The basic part of this refactoring to transform each assignment to state variables (once they are detected) into a backup function. The backup function first records the previous state of the affected variable, and then assign a new value to it. E.g., assume the following assignment to state variable a:

a = 1;

It can be refactored as:

$ASSIGN$a(1);

The function $ASSIGN$a is a new function as follows:

private int $ASSIGN$a(int newValue) {
    if (a checkpoint is created) and
       (a is not backed up since the creation of the checkpoint)
        record the current value of a;
    return a = newValue;
}

In this way, assuming that every assignment to state variables (remind that they must be private) in the current class are precisely captured and transformed, they are always backed up before change.

3.2. Arrays

One may use arrays as state variable, in which case the above solution does not quite work. In the following example, the first assignment is correctly refactored, but not the second or third:

a = new char[1][];
a[0] = new char[1];
a[0][0] = 'A';

As an improved solution, the refactoring should take arrays into account and generate different functions for different numbers of indices. This would correctly refactor the above example as follows:

$ASSIGN$a(new char[1][]);
$ASSIGN$a(0, new char[1]);
$ASSIGN$a(0, 0, 'A');

The following three functions are generated:

private char[][] $ASSIGN$a(char[][] newValue) {
    ...
}
private char[] $ASSIGN$a(int index0, char[] newValue) {
    ...
}
private char $ASSIGN$a(int index0, int index1, char newValue) {
    ...
}

Another difficulty arising from arrays is assigning them to local variables or passing them as parameters to functions. In such cases, unless context-sensitive analysis is used, we have to copy the whole array as serialization would do. Considier the following example, where a is a state variable with array type:

int[] iArray = a;
iArray[0] = 0;

The approach discussed above cannot detect this change in element 0. It is necessary to back up a whenever it is assigned to a variable (or used as an actual parameter).
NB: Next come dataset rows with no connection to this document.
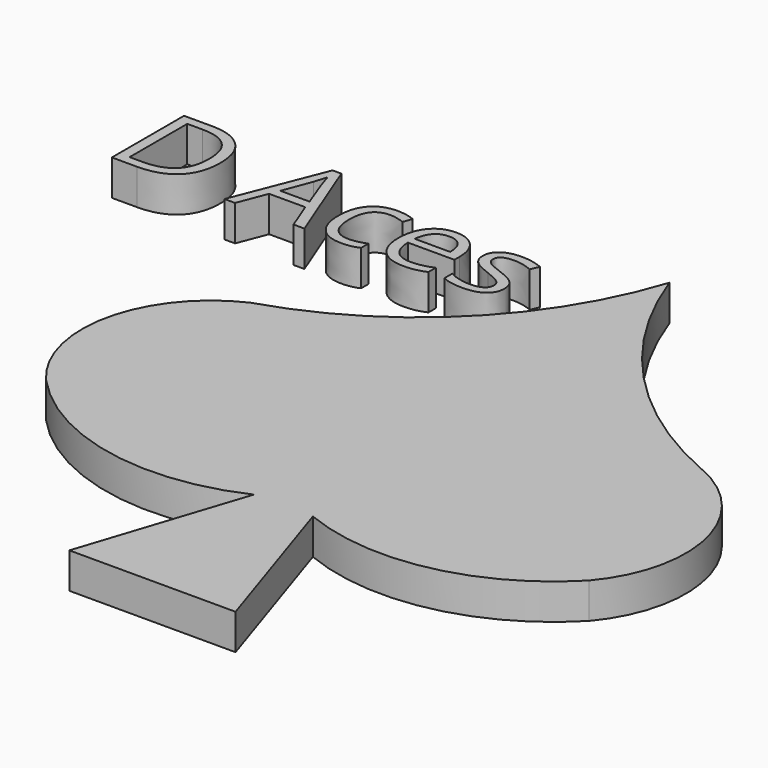
from build123d import *

# Parameters (mm, degrees)
F0_TEXT_SIZE = 10.6438761577
F1_DEPTH     = 3


# Not quite as in the source:
# - Text() gives the source's letters only with a copy of the font that has no kerning and outlines rounded to 1/6400 em; it was checked with that copy


with BuildPart() as f1:
    # F0 (on Top) → F1 (new body)
    with BuildSketch(Plane.XY):
        with BuildLine():
            Line((-2.4908845205, -15.4208163917), (-7.0029371418, -29.2009245604))
            Line((-7.0029371418, -29.2009245604), (6.9970628582, -29.2009245604))
            Line((6.9970628582, -29.2009245604), (2.4850102369, -15.4208163917))
            ThreePointArc((2.4850102369, -15.4208163917), (13.0685205169, -16.360261956), (22.3612855074, -11.2087799706))
            ThreePointArc((22.3612855074, -11.2087799706), (24.6278921181, -1.6844900086), (18.3013859417, 5.7871178777))
            ThreePointArc((18.3013859417, 5.7871178777), (7.1260467866, 13.6069647533), (0, 25.2369977534))
            ThreePointArc((0, 25.2369977534), (-7.5025163767, 13.1015138727), (-19.7523054455, 5.7871178777))
            ThreePointArc((-19.7523054455, 5.7871178777), (-25.8095597062, -1.8085439742), (-23.3559967133, -11.2087799706))
            ThreePointArc((-23.3559967133, -11.2087799706), (-13.6065541049, -16.6987289317), (-2.4908845205, -15.4208163917))
        make_face()
        with Locations((-40.828442201, 16.2521004677)):
            Text('D Aces', F0_TEXT_SIZE, font='Open Sans', text_align=(TextAlign.LEFT, TextAlign.BOTTOM))
    extrude(amount=F1_DEPTH)


solid = f1.part
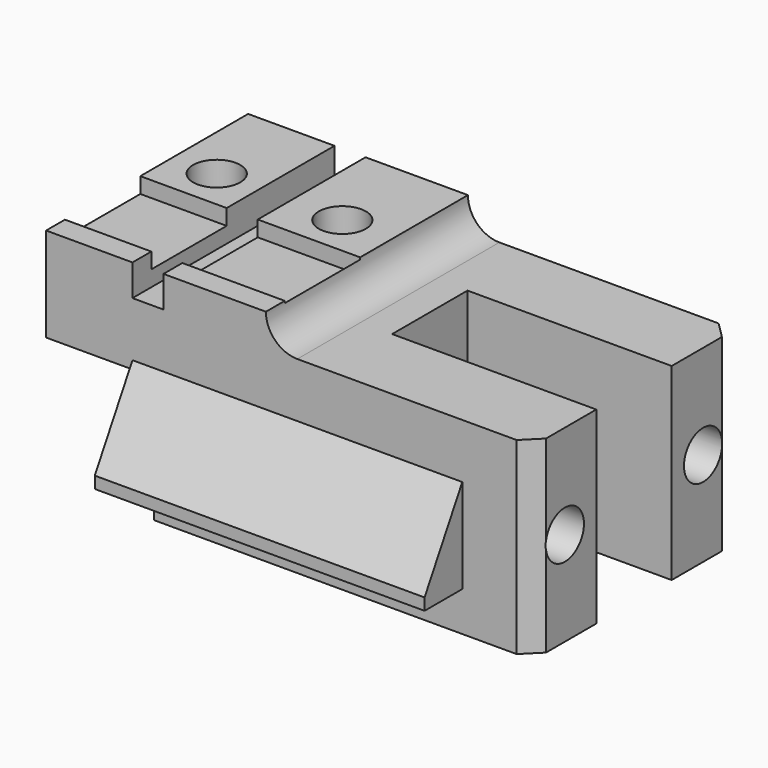
from build123d import *

# Parameters (mm, degrees)
F1_DEPTH  = 51.054
F2_R      = 6.34999
F3_W      = 41.275
F3_H      = 19.05
F4_DEPTH  = 76.2
F5_SIZE2  = 3.302
F5_SIZE   = 3.302
F6_W      = 44.45
F6_H      = 19.05
F7_DEPTH  = 3.175
F8_R      = 4.826
F9_DEPTH  = 16.002
F10_R     = 4.7625
F11_DEPTH = 12.7
F12_W     = 66.675
F12_H     = 19.05
F13_DEPTH = 9.525
F15_DEPTH = 76.2
F16_W     = 67.945
F16_H     = 19.05
F17_DEPTH = 9.525
F19_DEPTH = 85.4085


# Not quite as in the source:
# - a fillet or chamfer is up to 0.001 mm smaller than in the source, because OpenCascade refuses the exact size


with BuildPart() as f1:
    # F0 (on Front) → F1 (new body)
    with BuildSketch(Plane.XZ):
        Polygon((-38.7827743664, 8.7870896519), (-16.9203323245, 8.7870896519), (-16.9203323245, -16.6129103481), (59.6422256336, -16.6129103481), (59.6422256336, 21.4870896519), (5.6545256336, 21.4870896519), (5.6545256336, 27.8370896519), (-15.0464743664, 27.8370896519), (-15.0464743664, 21.4870896519), (-21.3202743664, 21.4870896519), (-21.3202743664, 27.8370896519), (-38.7827743664, 27.8370896519), align=None)
    extrude(amount=F1_DEPTH)

    # F2 (radius 6.35 in the source; OpenCascade refuses exactly that, so slightly less here)
    f2_edges = [f1.edges().sort_by_distance(p)[0] for p in [
        (5.654526, -25.527, 21.48709),
    ]]
    fillet(f2_edges, radius=F2_R)

    # F3 (on face) → F4 (cut)
    with BuildSketch(Plane.XY.offset(21.4870896519)):
        with Locations((39.0047256336, -25.527)):
            Rectangle(F3_W, F3_H)
    extrude(amount=-F4_DEPTH, mode=Mode.SUBTRACT)

    # F5
    f5_edges = [f1.edges().sort_by_distance(p)[0] for p in [
        (59.642226, -51.054, 2.43709),
        (59.642226, 0, 2.43709),
    ]]
    chamfer(f5_edges, length=F5_SIZE, length2=F5_SIZE2)

    # F6 (on face) → F7 (cut)
    with BuildSketch(Plane.XY.offset(27.8370896519)):
        with Locations((-16.5577743664, -36.7665)):
            Rectangle(F6_W, F6_H)
    extrude(amount=-F7_DEPTH, mode=Mode.SUBTRACT)

    # F8 (on face) → F9 (cut)
    with BuildSketch(Plane.YZ.offset(59.6422256336)):
        with Locations((-42.9895, 2.4370896519)):
            Circle(F8_R)
        with Locations((-8.0645, 2.4370896519)):
            Circle(F8_R)
    extrude(amount=-F9_DEPTH, mode=Mode.SUBTRACT)

    # F10 (on face) → F11 (cut)
    with BuildSketch(Plane.XY.offset(27.8370896519)):
        with Locations((-29.8927743664, -19.05)):
            Circle(F10_R)
        with Locations((-4.4927743664, -19.05)):
            Circle(F10_R)
    extrude(amount=-F11_DEPTH, mode=Mode.SUBTRACT)

    # F12 (on face) → F13 (join)
    with BuildSketch(Plane.XZ.offset(51.054)):
        with Locations((12.0172256336, 0.9130896519)):
            Rectangle(F12_W, F12_H)
    extrude(amount=F13_DEPTH)

    # F14 (on face) → F15 (cut)
    with BuildSketch(Plane.YZ.offset(45.3547256336)):
        Polygon((-60.579, -6.2306603481), (-51.054, 10.4380896519), (-60.579, 10.4380896519), align=None)
    extrude(amount=-F15_DEPTH, mode=Mode.SUBTRACT)

    # F16 (on face) → F17 (join)
    with BuildSketch(Plane(origin=(0, 0, 0), x_dir=(-1, 0, 0), z_dir=(0, 1, 0))):
        with Locations((-12.6522256336, 0.9130896519)):
            Rectangle(F16_W, F16_H)
    extrude(amount=F17_DEPTH)

    # F18 (on face) → F19 (cut, through all)
    with BuildSketch(Plane.YZ.offset(46.6247256336)):
        Polygon((0, 10.4380896519), (9.525, -6.2306603481), (9.525, 10.4380896519), align=None)
    extrude(amount=-F19_DEPTH, mode=Mode.SUBTRACT)


solid = f1.part
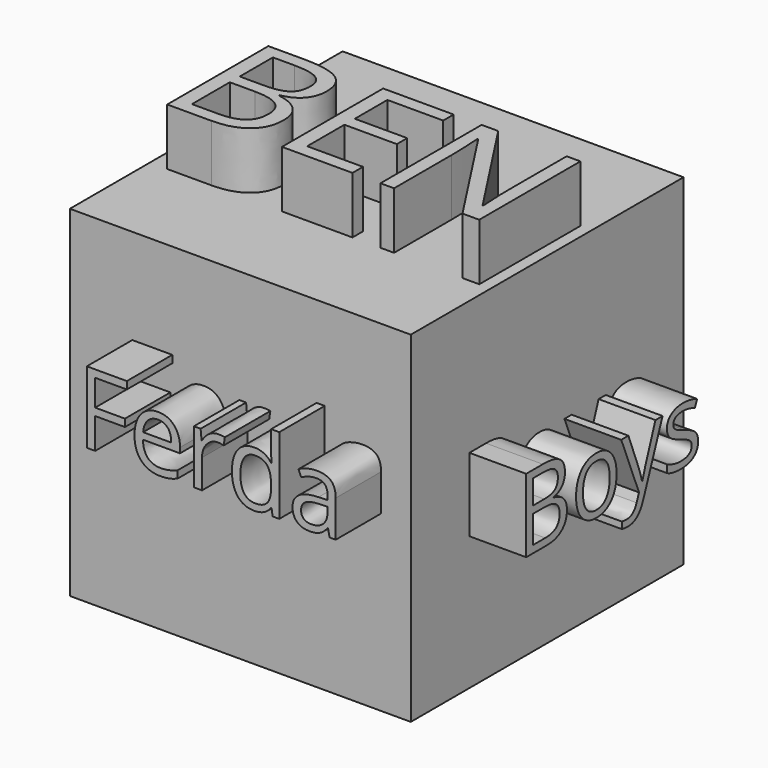
from build123d import *

# Parameters (mm, degrees)
F0_W         = 76.2
F0_H         = 76.2
F1_DEPTH     = 76.2
F2_TEXT_SIZE = 39.5908426693
F3_DEPTH     = 12.7
F4_TEXT_SIZE = 22.4707738703
F5_DEPTH     = 12.7
F6_TEXT_SIZE = 22.9974332291
F7_DEPTH     = 12.7


# Not quite as in the source:
# - Text() gives the source's letters only with a copy of the font that has no kerning and outlines rounded to 1/6400 em; it was checked with that copy


with BuildPart() as f1:
    # F0 (on Front) → F1 (new body)
    with BuildSketch(Plane.XZ):
        with Locations((-3.2231509686, 10.8602594644)):
            Rectangle(F0_W, F0_H)
    extrude(amount=F1_DEPTH)

    # F2 (on face) → F3 (join)
    with BuildSketch(Plane.XY.offset(48.9602594644)):
        with Locations((-41.3231509686, -53.8593260374)):
            Text('BEN', F2_TEXT_SIZE, font='Open Sans', text_align=(TextAlign.LEFT, TextAlign.BOTTOM))
    extrude(amount=F3_DEPTH)

    # F4 (on face) → F5 (join)
    with BuildSketch(Plane.XZ.offset(76.2)):
        with Locations((-29.5771546662, 11.6156386212)):
            Text('Ferda', F4_TEXT_SIZE, font='Open Sans', text_align=(TextAlign.LEFT, TextAlign.BOTTOM))
    extrude(amount=F5_DEPTH)

    # F6 (on face) → F7 (join)
    with BuildSketch(Plane.YZ.offset(34.8768490314)):
        with Locations((-62.0825365186, 2.6413740125)):
            Text('Boys', F6_TEXT_SIZE, font='Open Sans', text_align=(TextAlign.LEFT, TextAlign.BOTTOM))
    extrude(amount=F7_DEPTH)


solid = f1.part

3.3. Other collection types

Collection types, such as hash tables and sets, also cause problem. The solution is to subclass every collection type, and in each function that changes its element(s), the change is recorded before it takes effect.

^[1]As a refinement, we may use some source-level annotation to explicitly identify state variables.

^[2]As a refinement, some old backup information may be paged out to a disk file.